* What you need to do *
Print the lines in the listing below that fall between the line with "doc.linetypes.add(name, pattern=pattern)" and the line with "msp = doc.modelspace()", those two lines included, exactly as they stand and with nothing else.

------ Record extracts ------

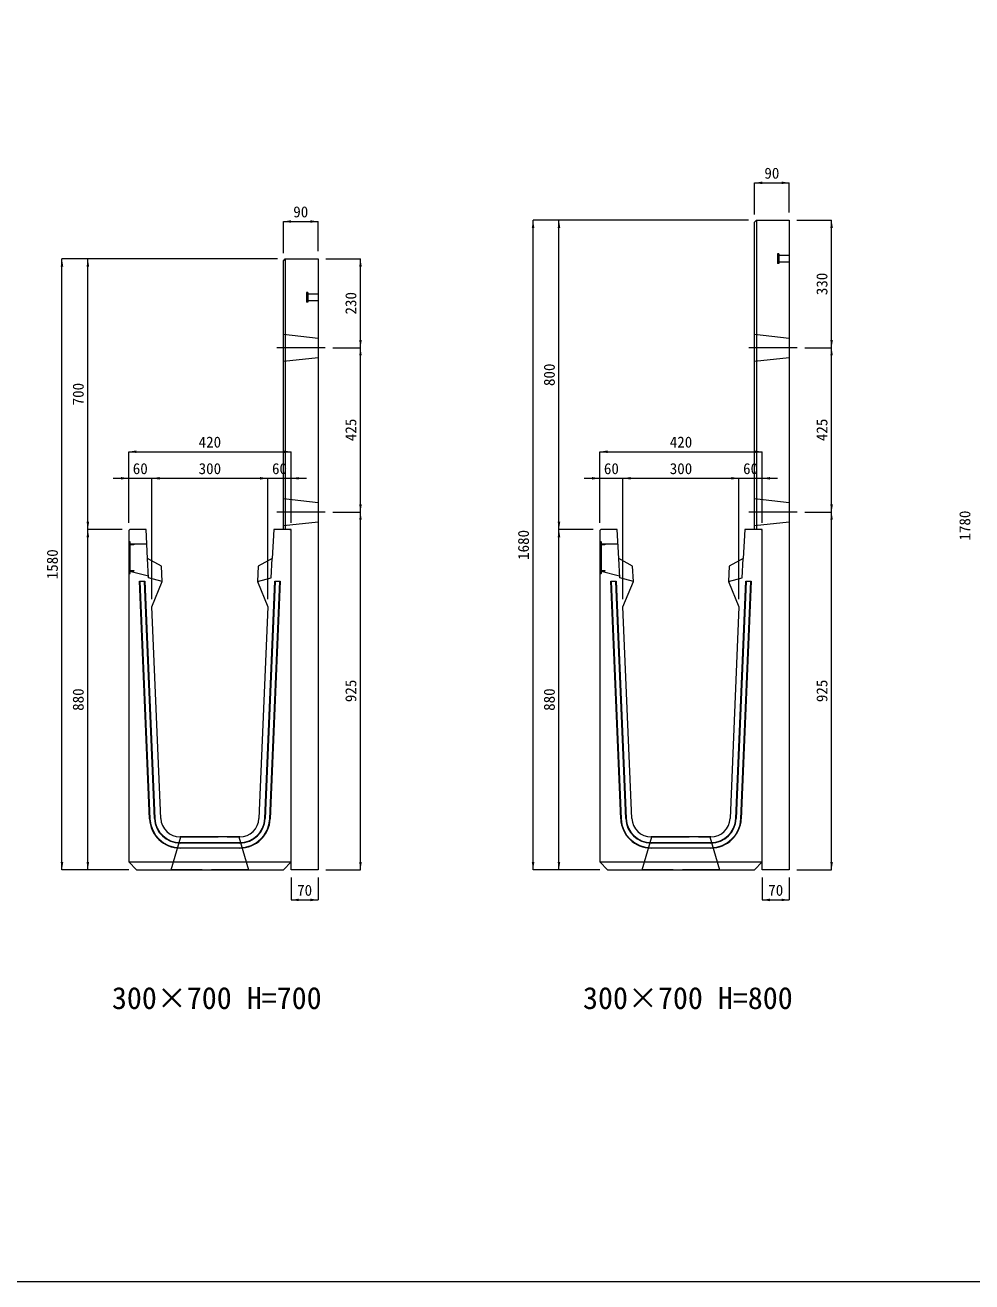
# Model space of a CAD drawing. Units: millimetres at full size; some dimension numbers follow another scale. Extents: x -7442 to 51876, y 9625 to 40052.
# Drawn here: x 11659 to 14107, y 22762 to 26012 of the extents above; entities that cross this region are included whole.
import ezdxf
from ezdxf.enums import TextEntityAlignment as Align

# ---------------------------------------------------------------- set-up
doc = ezdxf.new("R2010")
doc.units = ezdxf.units.MM
doc.header["$LTSCALE"] = 16
for name, pattern in [('DASHED', [7.5, 6, -1.5]), ('USER1', [13.5, 7.5, -6]), ('USER2', [285.75, 190.5, -31.75, 31.75, -31.75])]:
    doc.linetypes.add(name, pattern=pattern)
doc.layers.add('0_2', color=7, linetype='Continuous')
for name, color, linetype, lineweight in [('HOLE', 7, 'DASHED', 9), ('KIJUN', 5, 'Continuous', 9), ('WWAY', 5, 'Continuous', 9), ('寸法線', 7, 'Continuous', 9), ('本体', 2, 'Continuous', 13), ('補助線', 8, 'Continuous', 9), ('ｲﾝｻｰﾄ', 3, 'USER1', 9)]:
    doc.layers.add(name, color=color, linetype=linetype, lineweight=lineweight)
doc.styles.add('ＭＳ ゴシック', font='')
doc.styles.get('ＭＳ ゴシック').set_extended_font_data('MS Gothic')

# ---------------------------------------------------------------- blocks, each defined once
blk = doc.blocks.new('filled_arrow')
at = {"color": 0, "linetype": 'Continuous', "lineweight": -2}
blk.add_solid([(7.5, 1.25), (0, 0), (7.5, -1.25)], dxfattribs=at)

msp = doc.modelspace()

# ---------------------------------------------------------------- linework, layer by layer
at = {"layer": 'HOLE'}
for points in [[(12061.69, 23912.89), (12211.69, 23912.89), (12236.69, 23827.89), (12036.69, 23827.89)], [(13280, 23912.89), (13430, 23912.89), (13455, 23827.89), (13255, 23827.89)]]:
    msp.add_lwpolyline(points, close=True, dxfattribs=at)
at = {"layer": 'KIJUN'}
for p, q in [((11955.93, 24572.89), (11954.89, 24573.89)), ((11967.94, 24572.89), (11968.9, 24573.89)), ((11968.9, 24573.89), (11994.69, 23960.16)), ((12305.43, 24572.89), (12279.68, 23960.12)), ((12305.43, 24572.89), (12304.47, 24573.89)), ((12317.44, 24572.89), (12318.48, 24573.89)), ((13174.24, 24572.89), (13173.2, 24573.89)), ((13186.25, 24572.89), (13187.21, 24573.89)), ((13187.21, 24573.89), (13213, 23960.16)), ((13523.74, 24572.89), (13498, 23960.12)), ((13523.74, 24572.89), (13522.78, 24573.89)), ((13535.75, 24572.89), (13536.8, 24573.89)), ((12059.63, 23897.89), (12213.74, 23897.89)), ((12213.74, 23896.89), (12059.63, 23896.89)), ((13277.94, 23897.89), (13432.05, 23897.89)), ((13432.05, 23896.89), (13277.94, 23896.89)), ((12059.63, 23884.89), (12213.74, 23884.89)), ((12213.74, 23883.89), (12059.63, 23883.89)), ((13277.94, 23884.89), (13432.05, 23884.89)), ((13432.05, 23883.89), (13277.94, 23883.89))]:
    msp.add_line(p, q, dxfattribs=at)
at = {"layer": 'KIJUN', "color": 7, "lineweight": 13}
for p, q in [((12213.74, 23912.89), (12059.63, 23912.89)), ((13432.05, 23912.89), (13277.94, 23912.89))]:
    msp.add_line(p, q, dxfattribs=at)
at = {"layer": 'KIJUN', "color": 7}
for p, q in [((11926.69, 23847.89), (12346.69, 23847.89)), ((13145, 23847.89), (13565, 23847.89))]:
    msp.add_line(p, q, dxfattribs=at)
at = {"layer": 'KIJUN', "color": 7, "lineweight": 13}
for points in [[(12009.67, 23960.79), (11986.69, 24507.89), (12013.69, 24572.89), (12011.69, 24612.89), (11975.69, 24632.89), (11971.69, 24707.89), (11929.69, 24707.89), (11926.69, 24704.89), (11926.69, 23847.89), (11946.69, 23827.89), (12326.69, 23827.89), (12346.69, 23847.89), (12346.69, 24704.89), (12343.69, 24707.89), (12301.69, 24707.89), (12297.69, 24632.89), (12261.69, 24612.89), (12259.69, 24572.89), (12286.69, 24507.89), (12263.7, 23960.79)], [(13227.98, 23960.79), (13205, 24507.89), (13232, 24572.89), (13230, 24612.89), (13194, 24632.89), (13190, 24707.89), (13148, 24707.89), (13145, 24704.89), (13145, 23847.89), (13165, 23827.89), (13545, 23827.89), (13565, 23847.89), (13565, 24704.89), (13562, 24707.89), (13520, 24707.89), (13516, 24632.89), (13480, 24612.89), (13478, 24572.89), (13505, 24507.89), (13482.01, 23960.79)]]:
    msp.add_lwpolyline(points, dxfattribs=at)
at = {"layer": 'KIJUN', "color": 7, "linetype": 'DASHED', "lineweight": 13}
for points in [[(12013.69, 24572.89), (11978.35, 24582.89), (11975.69, 24632.89)], [(12259.69, 24572.89), (12295.02, 24582.89), (12297.69, 24632.89)], [(13232, 24572.89), (13196.66, 24582.89), (13194, 24632.89)], [(13478, 24572.89), (13513.33, 24582.89), (13516, 24632.89)]]:
    msp.add_lwpolyline(points, dxfattribs=at)
at = {"layer": 'KIJUN'}
for points in [[(11980.7, 23959.58), (11954.89, 24573.89), (11968.9, 24573.89)], [(11993.69, 23960.12), (11967.94, 24572.89), (11955.93, 24572.89), (11981.7, 23959.62)], [(12278.68, 23960.16), (12304.47, 24573.89), (12318.48, 24573.89), (12292.67, 23959.58)], [(12291.67, 23959.62), (12317.44, 24572.89), (12305.43, 24572.89)], [(13199.01, 23959.58), (13173.2, 24573.89), (13187.21, 24573.89)], [(13212, 23960.12), (13186.25, 24572.89), (13174.24, 24572.89), (13200.01, 23959.62)], [(13497, 23960.16), (13522.78, 24573.89), (13536.8, 24573.89), (13510.98, 23959.58)], [(13509.99, 23959.62), (13535.75, 24572.89), (13523.74, 24572.89)]]:
    msp.add_lwpolyline(points, dxfattribs=at)
for centre, radius, start, end in [((12059.63, 23962.89), 79, 182.40597, 270), ((12059.63, 23962.89), 78, 182.40597, 270), ((12059.63, 23962.89), 66, 182.40597, 270), ((12059.63, 23962.89), 65, 182.40597, 270), ((12213.74, 23962.89), 65, 270, 357.59403), ((12213.74, 23962.89), 66, 270, 357.59403), ((12213.74, 23962.89), 78, 270, 357.59403), ((12213.74, 23962.89), 79, 270, 357.59403), ((13277.94, 23962.89), 79, 182.40597, 270), ((13277.94, 23962.89), 78, 182.40597, 270), ((13277.94, 23962.89), 66, 182.40597, 270), ((13277.94, 23962.89), 65, 182.40597, 270), ((13432.05, 23962.89), 65, 270, 357.59403), ((13432.05, 23962.89), 66, 270, 357.59403), ((13432.05, 23962.89), 78, 270, 357.59403), ((13432.05, 23962.89), 79, 270, 357.59403)]:
    msp.add_arc(centre, radius, start, end, dxfattribs=at)
at = {"layer": 'KIJUN', "color": 7, "lineweight": 13}
for centre, start, end in [((12059.63, 23962.89), 182.40597, 270), ((12213.74, 23962.89), 270, 357.59403), ((13277.94, 23962.89), 182.40597, 270), ((13432.05, 23962.89), 270, 357.59403)]:
    msp.add_arc(centre, 50, start, end, dxfattribs=at)
at = {"layer": 'WWAY', "color": 7, "linetype": 'DASHED', "lineweight": 13}
for points in [[(11926.69, 24677.89), (11929.89, 24675.89), (11929.89, 24593.89), (11926.69, 24591.89)], [(11973.71, 24669.89), (11929.89, 24669.89), (11929.89, 24675.89), (11926.69, 24677.89)], [(13145, 24677.89), (13148.2, 24675.89), (13148.2, 24593.89), (13145, 24591.89)], [(13192.02, 24669.89), (13148.2, 24669.89), (13148.2, 24675.89), (13145, 24677.89)], [(11926.69, 24591.89), (11929.89, 24593.89), (11929.89, 24599.89), (11978.09, 24587.89)], [(13145, 24591.89), (13148.2, 24593.89), (13148.2, 24599.89), (13196.4, 24587.89)]]:
    msp.add_lwpolyline(points, dxfattribs=at)
at = {"layer": 'WWAY'}
for points in [[(11927.89, 24674.89), (11929.89, 24674.89), (11929.89, 24594.89), (11927.89, 24594.89)], [(11929.89, 24669.89), (11939.89, 24669.89), (11939.89, 24667.89), (11929.89, 24667.89)], [(13146.2, 24674.89), (13148.2, 24674.89), (13148.2, 24594.89), (13146.2, 24594.89)], [(13148.2, 24669.89), (13158.2, 24669.89), (13158.2, 24667.89), (13148.2, 24667.89)], [(11929.89, 24601.89), (11939.89, 24601.89), (11939.89, 24599.89), (11929.89, 24599.89)], [(13148.2, 24601.89), (13158.2, 24601.89), (13158.2, 24599.89), (13148.2, 24599.89)]]:
    msp.add_lwpolyline(points, close=True, dxfattribs=at)
at = {"layer": '寸法線'}
for p, q in [((13545, 25604.33), (13635, 25604.33)), ((13545, 25522.89), (13545, 25604.33)), ((13635, 25527.89), (13635, 25604.33)), ((12326.69, 25504.33), (12416.69, 25504.33)), ((12326.69, 25422.89), (12326.69, 25504.33)), ((12416.69, 25427.89), (12416.69, 25504.33)), ((12972.53, 23827.89), (12972.53, 25507.89)), ((13530, 25507.89), (12972.53, 25507.89)), ((13039.42, 24707.89), (13039.42, 25507.89)), ((13530, 25507.89), (13039.42, 25507.89)), ((13655, 25507.89), (13744.43, 25507.89)), ((13744.43, 25177.89), (13744.43, 25507.89)), ((11754.21, 23827.89), (11754.21, 25407.89)), ((12311.69, 25407.89), (11754.21, 25407.89)), ((11821.1, 24707.89), (11821.1, 25407.89)), ((12311.69, 25407.89), (11821.1, 25407.89)), ((12436.69, 25407.89), (12526.12, 25407.89)), ((12526.12, 25177.89), (12526.12, 25407.89)), ((12454.57, 25177.89), (12526.12, 25177.89)), ((12454.57, 25177.89), (12526.12, 25177.89)), ((12526.12, 24752.89), (12526.12, 25177.89)), ((13675.44, 25177.89), (13744.43, 25177.89)), ((13675.44, 25177.89), (13744.43, 25177.89)), ((13744.43, 24752.89), (13744.43, 25177.89)), ((11926.69, 24908.9), (12346.69, 24908.9)), ((11926.69, 24724.89), (11926.69, 24908.9)), ((12346.69, 24724.89), (12346.69, 24908.9)), ((13145, 24908.9), (13565, 24908.9)), ((13145, 24724.89), (13145, 24908.9)), ((13565, 24724.89), (13565, 24908.9)), ((11886.69, 24840.22), (12026.69, 24840.22)), ((11926.69, 24724.89), (11926.69, 24840.22)), ((11986.69, 24840.22), (12286.69, 24840.22)), ((11986.69, 24527.89), (11986.69, 24840.22)), ((11986.69, 24527.89), (11986.69, 24840.22)), ((12246.69, 24840.22), (12386.69, 24840.22)), ((12286.69, 24527.89), (12286.69, 24840.22)), ((12286.69, 24527.89), (12286.69, 24840.22)), ((12346.69, 24724.89), (12346.69, 24840.22)), ((13105, 24840.22), (13245, 24840.22)), ((13145, 24724.89), (13145, 24840.22)), ((13205, 24840.22), (13505, 24840.22)), ((13205, 24527.89), (13205, 24840.22)), ((13205, 24527.89), (13205, 24840.22)), ((13465, 24840.22), (13605, 24840.22)), ((13505, 24527.89), (13505, 24840.22)), ((13505, 24527.89), (13505, 24840.22)), ((13565, 24724.89), (13565, 24840.22)), ((12454.57, 24752.89), (12526.12, 24752.89)), ((12454.57, 24752.89), (12526.12, 24752.89)), ((12526.12, 23827.89), (12526.12, 24752.89)), ((13675.44, 24752.89), (13744.43, 24752.89)), ((13675.44, 24752.89), (13744.43, 24752.89)), ((13744.43, 23827.89), (13744.43, 24752.89)), ((11821.1, 23827.89), (11821.1, 24707.89)), ((11909.69, 24707.89), (11821.1, 24707.89)), ((11909.69, 24707.89), (11821.1, 24707.89)), ((13039.42, 23827.89), (13039.42, 24707.89)), ((13128, 24707.89), (13039.42, 24707.89)), ((13128, 24707.89), (13039.42, 24707.89)), ((11926.69, 23827.89), (11754.21, 23827.89)), ((11926.69, 23827.89), (11821.1, 23827.89)), ((12436.69, 23827.89), (12526.12, 23827.89)), ((13145, 23827.89), (12972.53, 23827.89)), ((13145, 23827.89), (13039.42, 23827.89)), ((13655, 23827.89), (13744.43, 23827.89)), ((12346.69, 23807.89), (12346.69, 23749.77)), ((12416.69, 23807.89), (12416.69, 23749.77)), ((13565, 23807.89), (13565, 23749.77)), ((13635, 23807.89), (13635, 23749.77)), ((12346.69, 23749.77), (12416.69, 23749.77)), ((13565, 23749.77), (13635, 23749.77))]:
    msp.add_line(p, q, dxfattribs=at)
at = {"layer": '寸法線', "linetype": 'USER2'}
for p, q in [((12434.57, 25177.89), (12309.41, 25177.89)), ((13655.44, 25177.89), (13530.27, 25177.89)), ((12434.57, 24752.89), (12309.41, 24752.89)), ((13655.44, 24752.89), (13530.27, 24752.89))]:
    msp.add_line(p, q, dxfattribs=at)
at = {"layer": '本体', "color": 4, "lineweight": 5}
for p, q in [((13550, 25507.89), (13550, 24707.89)), ((12331.69, 25407.89), (12331.69, 24707.89))]:
    msp.add_line(p, q, dxfattribs=at)
at = {"layer": '本体', "linetype": 'USER1', "lineweight": 9}
for p, q in [((12326.69, 25212.89), (12416.69, 25202.89)), ((13545, 25212.89), (13635, 25202.89)), ((12326.69, 25142.89), (12416.69, 25152.89)), ((13545, 25142.89), (13635, 25152.89)), ((12326.69, 24787.89), (12416.69, 24777.89)), ((13545, 24787.89), (13635, 24777.89)), ((12326.69, 24717.89), (12416.69, 24727.89)), ((13545, 24717.89), (13635, 24727.89))]:
    msp.add_line(p, q, dxfattribs=at)
at = {"layer": '本体'}
for points in [[(13545, 25502.89), (13550, 25507.89), (13635, 25507.89), (13635, 23827.89), (13565, 23827.89), (13565, 24707.89), (13545, 24707.89)], [(12326.69, 25402.89), (12331.69, 25407.89), (12416.69, 25407.89), (12416.69, 23827.89), (12346.69, 23827.89), (12346.69, 24707.89), (12326.69, 24707.89)]]:
    msp.add_lwpolyline(points, close=True, dxfattribs=at)
at = {"layer": '補助線', "color": 1, "lineweight": 13}
msp.add_lwpolyline([(5995.04, 29262.44), (16848, 29262.44), (16848, 22761.98), (5995.04, 22761.98)], close=True, dxfattribs=at)
at = {"layer": 'ｲﾝｻｰﾄ'}
for p, q in [((13605, 25420.39), (13605, 25395.39)), ((13608, 25420.39), (13605, 25420.39)), ((13608, 25420.39), (13608, 25395.39)), ((13608, 25395.39), (13605, 25395.39)), ((13635, 25416.39), (13608, 25416.39)), ((13635, 25399.39), (13608, 25399.39)), ((13635, 25416.39), (13635, 25399.39)), ((12386.68, 25320.39), (12386.68, 25295.39)), ((12389.69, 25320.39), (12386.68, 25320.39)), ((12389.69, 25320.39), (12389.69, 25295.39)), ((12389.69, 25295.39), (12386.68, 25295.39)), ((12416.69, 25316.39), (12389.69, 25316.39)), ((12416.69, 25299.39), (12389.69, 25299.39)), ((12416.69, 25316.39), (12416.69, 25299.39))]:
    msp.add_line(p, q, dxfattribs=at)

# ---------------------------------------------------------------- block references
at = {"layer": '寸法線', "xscale": 2.67, "yscale": 2.67}
for p in [(13545, 25604.33), (12326.69, 25504.33), (11926.69, 24908.9), (13145, 24908.9), (11986.69, 24840.22), (11986.69, 24840.22), (12346.69, 24840.22), (13205, 24840.22), (13205, 24840.22), (13565, 24840.22), (12346.69, 23749.77), (13565, 23749.77)]:
    msp.add_blockref('filled_arrow', p, dxfattribs=at)
for p, rotation in [((13635, 25604.33), 180), ((12416.69, 25504.33), 180), ((12972.53, 25507.89), 270), ((13039.42, 25507.89), 270), ((13744.43, 25507.89), 270), ((11754.21, 25407.89), 270), ((11821.1, 25407.89), 270), ((12526.12, 25407.89), 270), ((12526.12, 25177.89), 90), ((13744.43, 25177.89), 90), ((12526.12, 25177.89), 270), ((13744.43, 25177.89), 270), ((12346.69, 24908.9), 180), ((13565, 24908.9), 180), ((11926.69, 24840.22), 180), ((12286.69, 24840.22), 180), ((12286.69, 24840.22), 180), ((13145, 24840.22), 180), ((13505, 24840.22), 180), ((13505, 24840.22), 180), ((12526.12, 24752.89), 90), ((13744.43, 24752.89), 90), ((12526.12, 24752.89), 270), ((13744.43, 24752.89), 270), ((11821.1, 24707.89), 90), ((11821.1, 24707.89), 270), ((13039.42, 24707.89), 90), ((13039.42, 24707.89), 270), ((11754.21, 23827.89), 90), ((11821.1, 23827.89), 90), ((12526.12, 23827.89), 90), ((12972.53, 23827.89), 90), ((13039.42, 23827.89), 90), ((13744.43, 23827.89), 90), ((12416.69, 23749.77), 180), ((13635, 23749.77), 180)]:
    msp.add_blockref('filled_arrow', p, dxfattribs=dict(at, rotation=rotation))

# ---------------------------------------------------------------- texts
at = {"layer": '0_2', "style": 'ＭＳ ゴシック'}
for s, p in [('300×700 H=700', (11883.26, 23450.46)), ('300×700 H=800', (13101.57, 23450.46))]:
    msp.add_text(s, height=56.96, dxfattribs=at).set_placement(p, align=Align.BOTTOM_LEFT)
at = {"layer": '寸法線', "style": 'ＭＳ ゴシック'}
for s, p in [('90', (13590, 25629.33)), ('90', (12371.69, 25529.33)), ('420', (12136.69, 24933.9)), ('420', (13355, 24933.9)), ('60', (11956.69, 24865.22)), ('300', (12136.69, 24865.22)), ('60', (12316.69, 24865.22)), ('60', (13175, 24865.22)), ('300', (13355, 24865.22)), ('60', (13535, 24865.22)), ('70', (12381.69, 23774.77)), ('70', (13600, 23774.77))]:
    msp.add_text(s, height=28.48, dxfattribs=at).set_placement(p, align=Align.MIDDLE_CENTER)
for s, p in [('330', (13719.43, 25342.89)), ('230', (12501.12, 25292.89)), ('800', (13014.42, 25107.89)), ('700', (11796.1, 25057.89)), ('425', (12501.12, 24965.39)), ('425', (13719.43, 24965.39)), ('1780', (14089.03, 24717.89)), ('1680', (12947.53, 24667.89)), ('1580', (11729.21, 24617.89)), ('925', (12501.12, 24290.39)), ('925', (13719.43, 24290.39)), ('880', (11796.1, 24267.89)), ('880', (13014.42, 24267.89))]:
    msp.add_text(s, height=28.48, rotation=90, dxfattribs=at).set_placement(p, align=Align.MIDDLE_CENTER)

doc.saveas('drawing.dxf')

------

* Exercise output *
    doc.linetypes.add(name, pattern=pattern)
doc.layers.add('0_2', color=7, linetype='Continuous')
for name, color, linetype, lineweight in [('HOLE', 7, 'DASHED', 9), ('KIJUN', 5, 'Continuous', 9), ('WWAY', 5, 'Continuous', 9), ('寸法線', 7, 'Continuous', 9), ('本体', 2, 'Continuous', 13), ('補助線', 8, 'Continuous', 9), ('ｲﾝｻｰﾄ', 3, 'USER1', 9)]:
    doc.layers.add(name, color=color, linetype=linetype, lineweight=lineweight)
doc.styles.add('ＭＳ ゴシック', font='')
doc.styles.get('ＭＳ ゴシック').set_extended_font_data('MS Gothic')

# ---------------------------------------------------------------- blocks, each defined once
blk = doc.blocks.new('filled_arrow')
at = {"color": 0, "linetype": 'Continuous', "lineweight": -2}
blk.add_solid([(7.5, 1.25), (0, 0), (7.5, -1.25)], dxfattribs=at)

msp = doc.modelspace()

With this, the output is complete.